■ Problem to work on ■
Copy the records below exactly, but leave out any picture they contain.

■ Available records ■

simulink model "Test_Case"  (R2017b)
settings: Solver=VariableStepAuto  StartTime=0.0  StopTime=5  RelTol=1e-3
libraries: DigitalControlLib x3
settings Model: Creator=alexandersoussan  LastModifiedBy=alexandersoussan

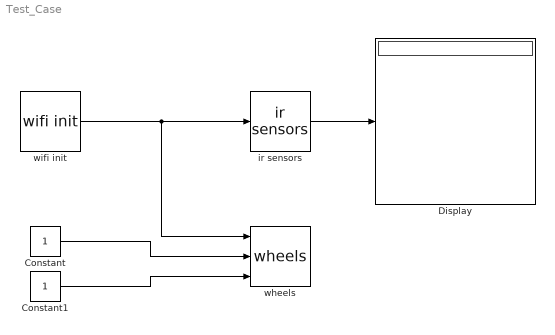
== system Test_Case ==
  Constant : Constant
  Constant1 : Constant
  Display : Display
  ir sensors : DigitalControlLib/ir sensors
  wheels : DigitalControlLib/wheels
  wifi init : DigitalControlLib/wifi init
  wires:
  Constant1/1 -> wheels/3
  Constant/1 -> wheels/2
  wifi init/1 -> wheels/1, ir sensors/1
  ir sensors/1 -> Display/1
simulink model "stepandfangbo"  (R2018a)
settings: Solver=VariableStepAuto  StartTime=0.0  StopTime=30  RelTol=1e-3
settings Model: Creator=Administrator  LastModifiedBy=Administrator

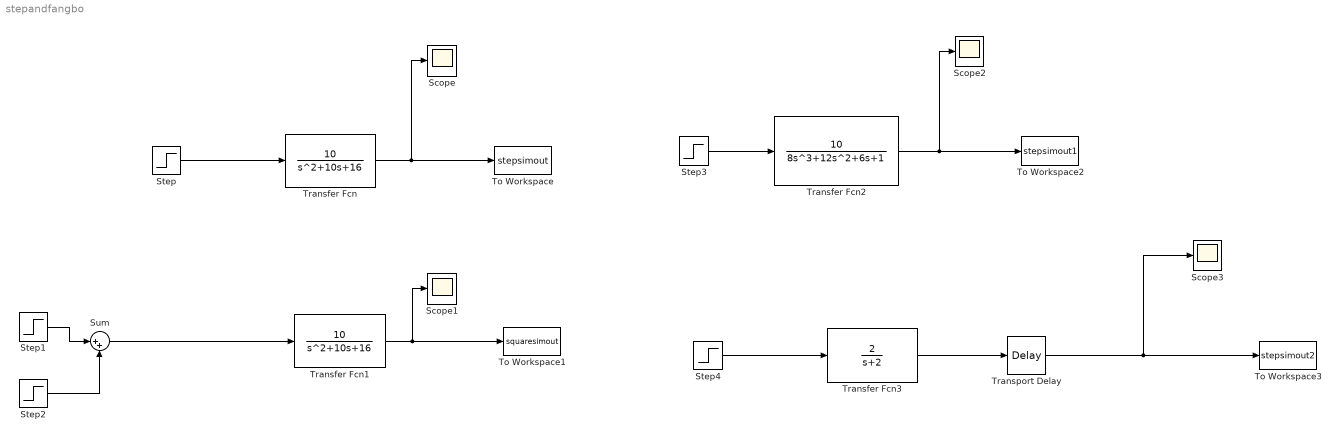
== system stepandfangbo ==
  Scope{,1..3} (4 alike) : Scope
  Step{,1,3..4} (4 alike) : Step  Time=0  After=2  SampleTime=0
  Step2 : Step  Time=4  After=-2  SampleTime=0
  Sum : Sum  Inputs=|++
  To Workspace : ToWorkspace  VariableName=stepsimout  SampleTime=0.2
      settings: Save2DSignal=2-D array (concatenate along first dimension)
  To Workspace1 : ToWorkspace  VariableName=squaresimout  SampleTime=0.2
      settings: Save2DSignal=2-D array (concatenate along first dimension)
  To Workspace2 : ToWorkspace  VariableName=stepsimout1  SampleTime=0.2
      settings: Save2DSignal=2-D array (concatenate along first dimension)
  To Workspace3 : ToWorkspace  VariableName=stepsimout2  SampleTime=0.2
      settings: Save2DSignal=2-D array (concatenate along first dimension)
  Transfer Fcn : TransferFcn  Numerator=[10]  Denominator=[1 10 16]
  Transfer Fcn1 : TransferFcn  Numerator=[10]  Denominator=[1 10 16]
  Transfer Fcn2 : TransferFcn  Numerator=[10]  Denominator=[8 12 6 1]
  Transfer Fcn3 : TransferFcn  Numerator=[2]  Denominator=[1 2]
  Transport Delay : TransportDelay  DelayTime=2
  wires:
  Step/1 -> Transfer Fcn/1
  Transfer Fcn/1 -> To Workspace/1, Scope/1
  Transfer Fcn1/1 -> To Workspace1/1, Scope1/1
  Step2/1 -> Sum/2
  Step1/1 -> Sum/1
  Sum/1 -> Transfer Fcn1/1
  Transfer Fcn2/1 -> To Workspace2/1, Scope2/1
  Step3/1 -> Transfer Fcn2/1
  Step4/1 -> Transfer Fcn3/1
  Transport Delay/1 -> Scope3/1, To Workspace3/1
  Transfer Fcn3/1 -> Transport Delay/1

■ Written answer ■
simulink model "Test_Case"  (R2017b)
settings: Solver=VariableStepAuto  StartTime=0.0  StopTime=5  RelTol=1e-3
libraries: DigitalControlLib x3
settings Model: Creator=alexandersoussan  LastModifiedBy=alexandersoussan

== system Test_Case ==
  Constant : Constant
  Constant1 : Constant
  Display : Display
  ir sensors : DigitalControlLib/ir sensors
  wheels : DigitalControlLib/wheels
  wifi init : DigitalControlLib/wifi init
  wires:
  Constant1/1 -> wheels/3
  Constant/1 -> wheels/2
  wifi init/1 -> wheels/1, ir sensors/1
  ir sensors/1 -> Display/1
simulink model "stepandfangbo"  (R2018a)
settings: Solver=VariableStepAuto  StartTime=0.0  StopTime=30  RelTol=1e-3
settings Model: Creator=Administrator  LastModifiedBy=Administrator

== system stepandfangbo ==
  Scope{,1..3} (4 alike) : Scope
  Step{,1,3..4} (4 alike) : Step  Time=0  After=2  SampleTime=0
  Step2 : Step  Time=4  After=-2  SampleTime=0
  Sum : Sum  Inputs=|++
  To Workspace : ToWorkspace  VariableName=stepsimout  SampleTime=0.2
      settings: Save2DSignal=2-D array (concatenate along first dimension)
  To Workspace1 : ToWorkspace  VariableName=squaresimout  SampleTime=0.2
      settings: Save2DSignal=2-D array (concatenate along first dimension)
  To Workspace2 : ToWorkspace  VariableName=stepsimout1  SampleTime=0.2
      settings: Save2DSignal=2-D array (concatenate along first dimension)
  To Workspace3 : ToWorkspace  VariableName=stepsimout2  SampleTime=0.2
      settings: Save2DSignal=2-D array (concatenate along first dimension)
  Transfer Fcn : TransferFcn  Numerator=[10]  Denominator=[1 10 16]
  Transfer Fcn1 : TransferFcn  Numerator=[10]  Denominator=[1 10 16]
  Transfer Fcn2 : TransferFcn  Numerator=[10]  Denominator=[8 12 6 1]
  Transfer Fcn3 : TransferFcn  Numerator=[2]  Denominator=[1 2]
  Transport Delay : TransportDelay  DelayTime=2
  wires:
  Step/1 -> Transfer Fcn/1
  Transfer Fcn/1 -> To Workspace/1, Scope/1
  Transfer Fcn1/1 -> To Workspace1/1, Scope1/1
  Step2/1 -> Sum/2
  Step1/1 -> Sum/1
  Sum/1 -> Transfer Fcn1/1
  Transfer Fcn2/1 -> To Workspace2/1, Scope2/1
  Step3/1 -> Transfer Fcn2/1
  Step4/1 -> Transfer Fcn3/1
  Transport Delay/1 -> Scope3/1, To Workspace3/1
  Transfer Fcn3/1 -> Transport Delay/1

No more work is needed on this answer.